Always label axes and scale
Plot at least 3 points to verify
Use a ruler for straight lines
Check your points in the equation
Extend line with arrows
Practice recognizing slope from graphs

📚 Practice Problems

1Problem 1easy

❓ Question:

What is the slope and y-intercept of y = 4x - 3?

💡 Show Solution

Step 1: Recognize the slope-intercept form: y = mx + b where m is the slope and b is the y-intercept

Step 2: Identify m and b in y = 4x - 3: Comparing to y = mx + b: m = 4 (the coefficient of x) b = -3 (the constant term)
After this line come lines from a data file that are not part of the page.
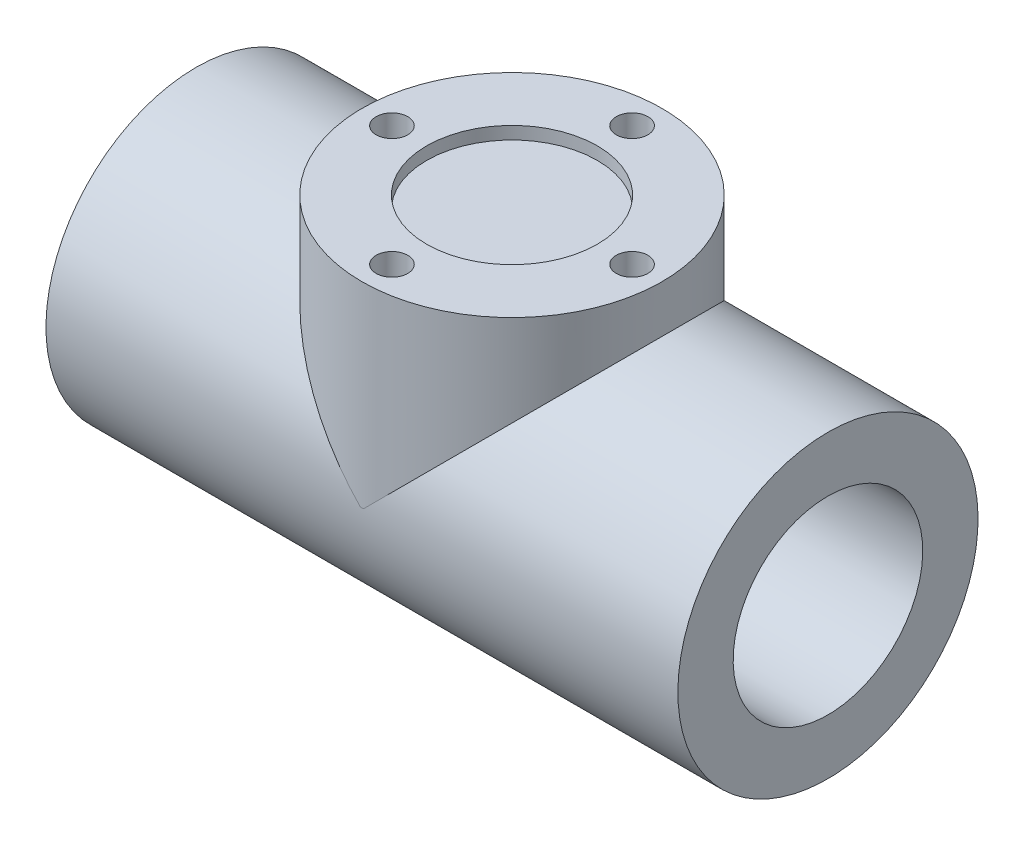
ISO-10303-21;
HEADER;
FILE_DESCRIPTION(('STEP AP214'),'2;1');
FILE_NAME('part.step','',(''),(''),'','','');
FILE_SCHEMA(('AUTOMOTIVE_DESIGN { 1 0 10303 214 1 1 1 1 }'));
ENDSEC;
DATA;
#1=APPLICATION_CONTEXT('core data for automotive mechanical design processes');
#2=APPLICATION_PROTOCOL_DEFINITION('international standard','automotive_design',2000,#1);
#3=PRODUCT_CONTEXT('',#1,'mechanical');
#4=PRODUCT('Part','Part','',(#3));
#5=PRODUCT_RELATED_PRODUCT_CATEGORY('part','',(#4));
#6=PRODUCT_DEFINITION_FORMATION('','',#4);
#7=PRODUCT_DEFINITION_CONTEXT('part definition',#1,'design');
#8=PRODUCT_DEFINITION('design','',#6,#7);
#9=PRODUCT_DEFINITION_SHAPE('','',#8);
#10=(LENGTH_UNIT() NAMED_UNIT(*) SI_UNIT(.MILLI.,.METRE.));
#11=(NAMED_UNIT(*) PLANE_ANGLE_UNIT() SI_UNIT($,.RADIAN.));
#12=(NAMED_UNIT(*) SI_UNIT($,.STERADIAN.) SOLID_ANGLE_UNIT());
#13=UNCERTAINTY_MEASURE_WITH_UNIT(LENGTH_MEASURE(1.E-05),#10,'distance_accuracy_value','');
#14=(GEOMETRIC_REPRESENTATION_CONTEXT(3) GLOBAL_UNCERTAINTY_ASSIGNED_CONTEXT((#13)) GLOBAL_UNIT_ASSIGNED_CONTEXT((#10,
#11,#12)) REPRESENTATION_CONTEXT('',''));
#15=CARTESIAN_POINT('',(0.,0.,0.));
#16=DIRECTION('',(0.,0.,1.));
#17=DIRECTION('',(1.,0.,0.));
#18=AXIS2_PLACEMENT_3D('',#15,#16,#17);
#19=CARTESIAN_POINT('',(100.,0.,0.));
#20=DIRECTION('',(1.,0.,0.));
#21=DIRECTION('',(0.,1.,0.));
#22=AXIS2_PLACEMENT_3D('',#19,#20,#21);
#23=CYLINDRICAL_SURFACE('',#22,47.5);
#24=CARTESIAN_POINT('',(-100.,0.,0.));
#25=DIRECTION('',(1.,0.,0.));
#26=DIRECTION('',(0.,1.,0.));
#27=AXIS2_PLACEMENT_3D('',#24,#25,#26);
#28=CIRCLE('',#27,47.5);
#29=CARTESIAN_POINT('',(-100.,47.5,0.));
#30=VERTEX_POINT('',#29);
#31=EDGE_CURVE('E170',#30,#30,#28,.T.);
#32=ORIENTED_EDGE('',*,*,#31,.T.);
#33=EDGE_LOOP('',(#32));
#34=FACE_BOUND('',#33,.T.);
#35=CARTESIAN_POINT('',(100.,0.,0.));
#36=DIRECTION('',(1.,0.,0.));
#37=DIRECTION('',(0.,1.,0.));
#38=AXIS2_PLACEMENT_3D('',#35,#36,#37);
#39=CIRCLE('',#38,47.5);
#40=CARTESIAN_POINT('',(100.,47.5,0.));
#41=VERTEX_POINT('',#40);
#42=EDGE_CURVE('E137',#41,#41,#39,.T.);
#43=ORIENTED_EDGE('',*,*,#42,.F.);
#44=EDGE_LOOP('',(#43));
#45=FACE_BOUND('',#44,.T.);
#46=CARTESIAN_POINT('',(0.,0.,0.));
#47=DIRECTION('',(0.707106781186548,-0.707106781186547,0.));
#48=DIRECTION('',(0.707106781186547,0.707106781186548,0.));
#49=AXIS2_PLACEMENT_3D('',#46,#47,#48);
#50=ELLIPSE('',#49,67.175144212722,47.5);
#51=CARTESIAN_POINT('',(0.500000000001985,0.500000000000001,47.4973683481517));
#52=VERTEX_POINT('',#51);
#53=CARTESIAN_POINT('',(0.500000000001985,0.500000000000001,-47.4973683481517));
#54=VERTEX_POINT('',#53);
#55=EDGE_CURVE('E61',#52,#54,#50,.F.);
#56=ORIENTED_EDGE('',*,*,#55,.F.);
#57=CARTESIAN_POINT('',(0.499999999999987,0.499999999999987,47.4973683481517));
#58=DIRECTION('',(-1.,0.,0.));
#59=VECTOR('',#58,1.);
#60=LINE('',#57,#59);
#61=CARTESIAN_POINT('',(-0.500000000001985,0.5,47.4973683481517));
#62=VERTEX_POINT('',#61);
#63=EDGE_CURVE('E11',#52,#62,#60,.T.);
#64=ORIENTED_EDGE('',*,*,#63,.T.);
#65=CARTESIAN_POINT('',(0.,0.,0.));
#66=DIRECTION('',(0.707106781186547,0.707106781186548,0.));
#67=DIRECTION('',(0.707106781186548,-0.707106781186547,0.));
#68=AXIS2_PLACEMENT_3D('',#65,#66,#67);
#69=ELLIPSE('',#68,67.175144212722,47.5);
#70=CARTESIAN_POINT('',(-0.500000000001985,0.5,-47.4973683481517));
#71=VERTEX_POINT('',#70);
#72=EDGE_CURVE('E54',#71,#62,#69,.T.);
#73=ORIENTED_EDGE('',*,*,#72,.F.);
#74=CARTESIAN_POINT('',(-0.500000000001985,0.499999999999965,-47.4973683481517));
#75=DIRECTION('',(1.,0.,0.));
#76=VECTOR('',#75,1.);
#77=LINE('',#74,#76);
#78=EDGE_CURVE('E139',#71,#54,#77,.T.);
#79=ORIENTED_EDGE('',*,*,#78,.T.);
#80=EDGE_LOOP('',(#56,#64,#73,#79));
#81=FACE_BOUND('',#80,.T.);
#82=ADVANCED_FACE('F43',(#34,#45,#81),#23,.T.);
#83=CARTESIAN_POINT('',(-100.,0.,0.));
#84=DIRECTION('',(-1.,0.,0.));
#85=DIRECTION('',(0.,-1.,0.));
#86=AXIS2_PLACEMENT_3D('',#83,#84,#85);
#87=PLANE('',#86);
#88=CARTESIAN_POINT('',(-100.,0.,0.));
#89=DIRECTION('',(1.,0.,0.));
#90=DIRECTION('',(0.,1.,0.));
#91=AXIS2_PLACEMENT_3D('',#88,#89,#90);
#92=CIRCLE('',#91,30.);
#93=CARTESIAN_POINT('',(-100.,30.,0.));
#94=VERTEX_POINT('',#93);
#95=EDGE_CURVE('E102',#94,#94,#92,.T.);
#96=ORIENTED_EDGE('',*,*,#95,.T.);
#97=EDGE_LOOP('',(#96));
#98=FACE_BOUND('',#97,.T.);
#99=ORIENTED_EDGE('',*,*,#31,.F.);
#100=EDGE_LOOP('',(#99));
#101=FACE_BOUND('',#100,.T.);
#102=ADVANCED_FACE('F45',(#98,#101),#87,.T.);
#103=CARTESIAN_POINT('',(100.,47.5,0.));
#104=DIRECTION('',(1.,0.,0.));
#105=DIRECTION('',(0.,1.,0.));
#106=AXIS2_PLACEMENT_3D('',#103,#104,#105);
#107=PLANE('',#106);
#108=CARTESIAN_POINT('',(100.,0.,0.));
#109=DIRECTION('',(1.,0.,0.));
#110=DIRECTION('',(0.,1.,0.));
#111=AXIS2_PLACEMENT_3D('',#108,#109,#110);
#112=CIRCLE('',#111,30.);
#113=CARTESIAN_POINT('',(100.,30.,0.));
#114=VERTEX_POINT('',#113);
#115=EDGE_CURVE('E223',#114,#114,#112,.T.);
#116=ORIENTED_EDGE('',*,*,#115,.F.);
#117=EDGE_LOOP('',(#116));
#118=FACE_BOUND('',#117,.T.);
#119=ORIENTED_EDGE('',*,*,#42,.T.);
#120=EDGE_LOOP('',(#119));
#121=FACE_BOUND('',#120,.T.);
#122=ADVANCED_FACE('F156',(#118,#121),#107,.T.);
#123=CARTESIAN_POINT('',(0.,0.5,0.));
#124=DIRECTION('',(0.,1.,0.));
#125=DIRECTION('',(0.,0.,1.));
#126=AXIS2_PLACEMENT_3D('',#123,#124,#125);
#127=CYLINDRICAL_SURFACE('',#126,47.5);
#128=ORIENTED_EDGE('',*,*,#78,.F.);
#129=ORIENTED_EDGE('',*,*,#72,.T.);
#130=ORIENTED_EDGE('',*,*,#63,.F.);
#131=ORIENTED_EDGE('',*,*,#55,.T.);
#132=EDGE_LOOP('',(#128,#129,#130,#131));
#133=FACE_BOUND('',#132,.T.);
#134=CARTESIAN_POINT('',(0.,62.5,0.));
#135=DIRECTION('',(0.,1.,0.));
#136=DIRECTION('',(0.,0.,1.));
#137=AXIS2_PLACEMENT_3D('',#134,#135,#136);
#138=CIRCLE('',#137,47.5);
#139=CARTESIAN_POINT('',(0.,62.5,47.5));
#140=VERTEX_POINT('',#139);
#141=EDGE_CURVE('E130',#140,#140,#138,.T.);
#142=ORIENTED_EDGE('',*,*,#141,.F.);
#143=EDGE_LOOP('',(#142));
#144=FACE_BOUND('',#143,.T.);
#145=ADVANCED_FACE('F145',(#133,#144),#127,.T.);
#146=CARTESIAN_POINT('',(0.,62.5,0.));
#147=DIRECTION('',(0.,1.,0.));
#148=DIRECTION('',(0.,0.,1.));
#149=AXIS2_PLACEMENT_3D('',#146,#147,#148);
#150=PLANE('',#149);
#151=CARTESIAN_POINT('',(38.,62.5,-3.98028872628117E-13));
#152=DIRECTION('',(0.,1.,0.));
#153=DIRECTION('',(0.,0.,1.));
#154=AXIS2_PLACEMENT_3D('',#151,#152,#153);
#155=CIRCLE('',#154,4.99999999999999);
#156=CARTESIAN_POINT('',(38.,62.5,4.99999999999959));
#157=VERTEX_POINT('',#156);
#158=EDGE_CURVE('E94',#157,#157,#155,.T.);
#159=ORIENTED_EDGE('',*,*,#158,.F.);
#160=EDGE_LOOP('',(#159));
#161=FACE_BOUND('',#160,.T.);
#162=CARTESIAN_POINT('',(0.,62.5,38.));
#163=DIRECTION('',(0.,1.,0.));
#164=DIRECTION('',(0.,0.,1.));
#165=AXIS2_PLACEMENT_3D('',#162,#163,#164);
#166=CIRCLE('',#165,4.99999999999999);
#167=CARTESIAN_POINT('',(0.,62.5,43.));
#168=VERTEX_POINT('',#167);
#169=EDGE_CURVE('E93',#168,#168,#166,.T.);
#170=ORIENTED_EDGE('',*,*,#169,.F.);
#171=EDGE_LOOP('',(#170));
#172=FACE_BOUND('',#171,.T.);
#173=CARTESIAN_POINT('',(-38.,62.5,1.32676290876039E-13));
#174=DIRECTION('',(0.,1.,0.));
#175=DIRECTION('',(0.,0.,1.));
#176=AXIS2_PLACEMENT_3D('',#173,#174,#175);
#177=CIRCLE('',#176,4.99999999999999);
#178=CARTESIAN_POINT('',(-38.,62.5,5.00000000000012));
#179=VERTEX_POINT('',#178);
#180=EDGE_CURVE('E109',#179,#179,#177,.T.);
#181=ORIENTED_EDGE('',*,*,#180,.F.);
#182=EDGE_LOOP('',(#181));
#183=FACE_BOUND('',#182,.T.);
#184=CARTESIAN_POINT('',(0.,62.5,-38.));
#185=DIRECTION('',(0.,1.,0.));
#186=DIRECTION('',(0.,0.,1.));
#187=AXIS2_PLACEMENT_3D('',#184,#185,#186);
#188=CIRCLE('',#187,4.99999999999999);
#189=CARTESIAN_POINT('',(0.,62.5,-33.));
#190=VERTEX_POINT('',#189);
#191=EDGE_CURVE('E117',#190,#190,#188,.T.);
#192=ORIENTED_EDGE('',*,*,#191,.F.);
#193=EDGE_LOOP('',(#192));
#194=FACE_BOUND('',#193,.T.);
#195=CARTESIAN_POINT('',(0.,62.5,0.));
#196=DIRECTION('',(0.,1.,0.));
#197=DIRECTION('',(0.,0.,1.));
#198=AXIS2_PLACEMENT_3D('',#195,#196,#197);
#199=CIRCLE('',#198,27.);
#200=CARTESIAN_POINT('',(0.,62.5,27.));
#201=VERTEX_POINT('',#200);
#202=EDGE_CURVE('E125',#201,#201,#199,.T.);
#203=ORIENTED_EDGE('',*,*,#202,.F.);
#204=EDGE_LOOP('',(#203));
#205=FACE_BOUND('',#204,.T.);
#206=ORIENTED_EDGE('',*,*,#141,.T.);
#207=EDGE_LOOP('',(#206));
#208=FACE_BOUND('',#207,.T.);
#209=ADVANCED_FACE('F155',(#161,#172,#183,#194,#205,#208),#150,.T.);
#210=CARTESIAN_POINT('',(0.,58.5,0.));
#211=DIRECTION('',(0.,1.,0.));
#212=DIRECTION('',(0.,0.,1.));
#213=AXIS2_PLACEMENT_3D('',#210,#211,#212);
#214=CYLINDRICAL_SURFACE('',#213,27.);
#215=CARTESIAN_POINT('',(0.,58.5,0.));
#216=DIRECTION('',(0.,1.,0.));
#217=DIRECTION('',(0.,0.,1.));
#218=AXIS2_PLACEMENT_3D('',#215,#216,#217);
#219=CIRCLE('',#218,27.);
#220=CARTESIAN_POINT('',(0.,58.5,27.));
#221=VERTEX_POINT('',#220);
#222=EDGE_CURVE('E126',#221,#221,#219,.T.);
#223=ORIENTED_EDGE('',*,*,#222,.F.);
#224=EDGE_LOOP('',(#223));
#225=FACE_BOUND('',#224,.T.);
#226=ORIENTED_EDGE('',*,*,#202,.T.);
#227=EDGE_LOOP('',(#226));
#228=FACE_BOUND('',#227,.T.);
#229=ADVANCED_FACE('F187',(#225,#228),#214,.F.);
#230=CARTESIAN_POINT('',(0.,58.5,0.));
#231=DIRECTION('',(0.,1.,0.));
#232=DIRECTION('',(0.,0.,1.));
#233=AXIS2_PLACEMENT_3D('',#230,#231,#232);
#234=PLANE('',#233);
#235=ORIENTED_EDGE('',*,*,#222,.T.);
#236=EDGE_LOOP('',(#235));
#237=FACE_BOUND('',#236,.T.);
#238=ADVANCED_FACE('F192',(#237),#234,.T.);
#239=CARTESIAN_POINT('',(0.,42.5,-38.));
#240=DIRECTION('',(0.,1.,0.));
#241=DIRECTION('',(0.,0.,1.));
#242=AXIS2_PLACEMENT_3D('',#239,#240,#241);
#243=CONICAL_SURFACE('',#242,4.99999999999998,1.02974425867665);
#244=CARTESIAN_POINT('',(0.,39.4956969048622,-38.));
#245=VERTEX_POINT('',#244);
#246=VERTEX_LOOP('',#245);
#247=FACE_BOUND('',#246,.T.);
#248=CARTESIAN_POINT('',(0.,42.5,-38.));
#249=DIRECTION('',(0.,1.,0.));
#250=DIRECTION('',(0.,0.,1.));
#251=AXIS2_PLACEMENT_3D('',#248,#249,#250);
#252=CIRCLE('',#251,4.99999999999998);
#253=CARTESIAN_POINT('',(0.,42.5,-33.));
#254=VERTEX_POINT('',#253);
#255=EDGE_CURVE('E121',#254,#254,#252,.T.);
#256=ORIENTED_EDGE('',*,*,#255,.T.);
#257=EDGE_LOOP('',(#256));
#258=FACE_BOUND('',#257,.T.);
#259=ADVANCED_FACE('F258',(#247,#258),#243,.F.);
#260=CARTESIAN_POINT('',(0.,62.5,-38.));
#261=DIRECTION('',(0.,1.,0.));
#262=DIRECTION('',(0.,0.,1.));
#263=AXIS2_PLACEMENT_3D('',#260,#261,#262);
#264=CYLINDRICAL_SURFACE('',#263,4.99999999999999);
#265=ORIENTED_EDGE('',*,*,#255,.F.);
#266=EDGE_LOOP('',(#265));
#267=FACE_BOUND('',#266,.T.);
#268=ORIENTED_EDGE('',*,*,#191,.T.);
#269=EDGE_LOOP('',(#268));
#270=FACE_BOUND('',#269,.T.);
#271=ADVANCED_FACE('F254',(#267,#270),#264,.F.);
#272=CARTESIAN_POINT('',(-38.,42.5,1.32676290876039E-13));
#273=DIRECTION('',(0.,1.,0.));
#274=DIRECTION('',(0.,0.,1.));
#275=AXIS2_PLACEMENT_3D('',#272,#273,#274);
#276=CONICAL_SURFACE('',#275,4.99999999999998,1.02974425867665);
#277=CARTESIAN_POINT('',(-38.,39.4956969048622,1.32676290876039E-13));
#278=VERTEX_POINT('',#277);
#279=VERTEX_LOOP('',#278);
#280=FACE_BOUND('',#279,.T.);
#281=CARTESIAN_POINT('',(-38.,42.5,1.32676290876039E-13));
#282=DIRECTION('',(0.,1.,0.));
#283=DIRECTION('',(0.,0.,1.));
#284=AXIS2_PLACEMENT_3D('',#281,#282,#283);
#285=CIRCLE('',#284,4.99999999999998);
#286=CARTESIAN_POINT('',(-38.,42.5,5.00000000000012));
#287=VERTEX_POINT('',#286);
#288=EDGE_CURVE('E113',#287,#287,#285,.T.);
#289=ORIENTED_EDGE('',*,*,#288,.T.);
#290=EDGE_LOOP('',(#289));
#291=FACE_BOUND('',#290,.T.);
#292=ADVANCED_FACE('F250',(#280,#291),#276,.F.);
#293=CARTESIAN_POINT('',(-38.,62.5,1.32676290876039E-13));
#294=DIRECTION('',(0.,1.,0.));
#295=DIRECTION('',(0.,0.,1.));
#296=AXIS2_PLACEMENT_3D('',#293,#294,#295);
#297=CYLINDRICAL_SURFACE('',#296,4.99999999999999);
#298=ORIENTED_EDGE('',*,*,#288,.F.);
#299=EDGE_LOOP('',(#298));
#300=FACE_BOUND('',#299,.T.);
#301=ORIENTED_EDGE('',*,*,#180,.T.);
#302=EDGE_LOOP('',(#301));
#303=FACE_BOUND('',#302,.T.);
#304=ADVANCED_FACE('F246',(#300,#303),#297,.F.);
#305=CARTESIAN_POINT('',(0.,42.5,38.));
#306=DIRECTION('',(0.,1.,0.));
#307=DIRECTION('',(0.,0.,1.));
#308=AXIS2_PLACEMENT_3D('',#305,#306,#307);
#309=CONICAL_SURFACE('',#308,4.99999999999998,1.02974425867665);
#310=CARTESIAN_POINT('',(0.,39.4956969048622,38.));
#311=VERTEX_POINT('',#310);
#312=VERTEX_LOOP('',#311);
#313=FACE_BOUND('',#312,.T.);
#314=CARTESIAN_POINT('',(0.,42.5,38.));
#315=DIRECTION('',(0.,1.,0.));
#316=DIRECTION('',(0.,0.,1.));
#317=AXIS2_PLACEMENT_3D('',#314,#315,#316);
#318=CIRCLE('',#317,4.99999999999998);
#319=CARTESIAN_POINT('',(0.,42.5,43.));
#320=VERTEX_POINT('',#319);
#321=EDGE_CURVE('E99',#320,#320,#318,.T.);
#322=ORIENTED_EDGE('',*,*,#321,.T.);
#323=EDGE_LOOP('',(#322));
#324=FACE_BOUND('',#323,.T.);
#325=ADVANCED_FACE('F242',(#313,#324),#309,.F.);
#326=CARTESIAN_POINT('',(0.,62.5,38.));
#327=DIRECTION('',(0.,1.,0.));
#328=DIRECTION('',(0.,0.,1.));
#329=AXIS2_PLACEMENT_3D('',#326,#327,#328);
#330=CYLINDRICAL_SURFACE('',#329,4.99999999999999);
#331=ORIENTED_EDGE('',*,*,#321,.F.);
#332=EDGE_LOOP('',(#331));
#333=FACE_BOUND('',#332,.T.);
#334=ORIENTED_EDGE('',*,*,#169,.T.);
#335=EDGE_LOOP('',(#334));
#336=FACE_BOUND('',#335,.T.);
#337=ADVANCED_FACE('F86',(#333,#336),#330,.F.);
#338=CARTESIAN_POINT('',(38.,42.5,-3.98028872628117E-13));
#339=DIRECTION('',(0.,1.,0.));
#340=DIRECTION('',(0.,0.,1.));
#341=AXIS2_PLACEMENT_3D('',#338,#339,#340);
#342=CONICAL_SURFACE('',#341,4.99999999999998,1.02974425867665);
#343=CARTESIAN_POINT('',(38.,39.4956969048622,-3.98028872628117E-13));
#344=VERTEX_POINT('',#343);
#345=VERTEX_LOOP('',#344);
#346=FACE_BOUND('',#345,.T.);
#347=CARTESIAN_POINT('',(38.,42.5,-3.98028872628117E-13));
#348=DIRECTION('',(0.,1.,0.));
#349=DIRECTION('',(0.,0.,1.));
#350=AXIS2_PLACEMENT_3D('',#347,#348,#349);
#351=CIRCLE('',#350,4.99999999999998);
#352=CARTESIAN_POINT('',(38.,42.5,4.99999999999959));
#353=VERTEX_POINT('',#352);
#354=EDGE_CURVE('E90',#353,#353,#351,.T.);
#355=ORIENTED_EDGE('',*,*,#354,.T.);
#356=EDGE_LOOP('',(#355));
#357=FACE_BOUND('',#356,.T.);
#358=ADVANCED_FACE('F82',(#346,#357),#342,.F.);
#359=CARTESIAN_POINT('',(38.,62.5,-3.98028872628117E-13));
#360=DIRECTION('',(0.,1.,0.));
#361=DIRECTION('',(0.,0.,1.));
#362=AXIS2_PLACEMENT_3D('',#359,#360,#361);
#363=CYLINDRICAL_SURFACE('',#362,4.99999999999999);
#364=ORIENTED_EDGE('',*,*,#354,.F.);
#365=EDGE_LOOP('',(#364));
#366=FACE_BOUND('',#365,.T.);
#367=ORIENTED_EDGE('',*,*,#158,.T.);
#368=EDGE_LOOP('',(#367));
#369=FACE_BOUND('',#368,.T.);
#370=ADVANCED_FACE('F85',(#366,#369),#363,.F.);
#371=CARTESIAN_POINT('',(-100.,0.,0.));
#372=DIRECTION('',(1.,0.,0.));
#373=DIRECTION('',(0.,1.,0.));
#374=AXIS2_PLACEMENT_3D('',#371,#372,#373);
#375=CYLINDRICAL_SURFACE('',#374,30.);
#376=ORIENTED_EDGE('',*,*,#95,.F.);
#377=EDGE_LOOP('',(#376));
#378=FACE_BOUND('',#377,.T.);
#379=ORIENTED_EDGE('',*,*,#115,.T.);
#380=EDGE_LOOP('',(#379));
#381=FACE_BOUND('',#380,.T.);
#382=ADVANCED_FACE('F232',(#378,#381),#375,.F.);
#383=CLOSED_SHELL('',(#82,#102,#122,#145,#209,#229,#238,#259,#271,#292,#304,#325,#337,#358,#370,#382));
#384=MANIFOLD_SOLID_BREP('B2',#383);
#385=ADVANCED_BREP_SHAPE_REPRESENTATION('',(#18,#384),#14);
#386=SHAPE_DEFINITION_REPRESENTATION(#9,#385);
ENDSEC;
END-ISO-10303-21;

Step 3: State the answers: Slope = 4 (or 4/1, meaning rise 4, run 1) y-intercept = -3 (the point (0, -3))

Answer: Slope = 4, y-intercept = -3

2Problem 2easy

❓ Question:

Find the slope and y-intercept of the line: y = 3x + 2

💡 Show Solution

This is in slope-intercept form: y = mx + b

Comparing y = 3x + 2 to y = mx + b: m = 3 (slope) b = 2 (y-intercept)

Slope: 3 (or 3/1, meaning rise 3, run 1) Y-intercept: 2 (point is (0, 2))

3Problem 3easy

❓ Question:

Graph the equation y = -2x + 4 using the slope and y-intercept.

💡 Show Solution

Step 1: Identify slope and y-intercept y = -2x + 4 Slope (m) = -2 = -2/1 (down 2, right 1) Y-intercept (b) = 4

Step 2: Plot y-intercept at (0, 4)

Step 3: Use slope to find another point From (0, 4), go down 2 and right 1 to get (1, 2)

Step 4: Draw line through (0, 4) and (1, 2)

The line slopes downward from left to right.

4Problem 4easy

❓ Question:

Graph the equation y = -2x + 1

💡 Show Solution

Step 1: Identify slope and y-intercept: Slope m = -2 (or -2/1) y-intercept b = 1 (point (0, 1))

Step 2: Plot the y-intercept: Start at (0, 1) on the graph

Step 3: Use the slope to find another point: Slope = -2/1 means: rise -2, run 1 From (0, 1): go down 2, right 1 → (1, -1)

Step 4: Plot the second point at (1, -1)

Step 5: Draw a line through both points

Points on the line: (0, 1), (1, -1), (2, -3), etc.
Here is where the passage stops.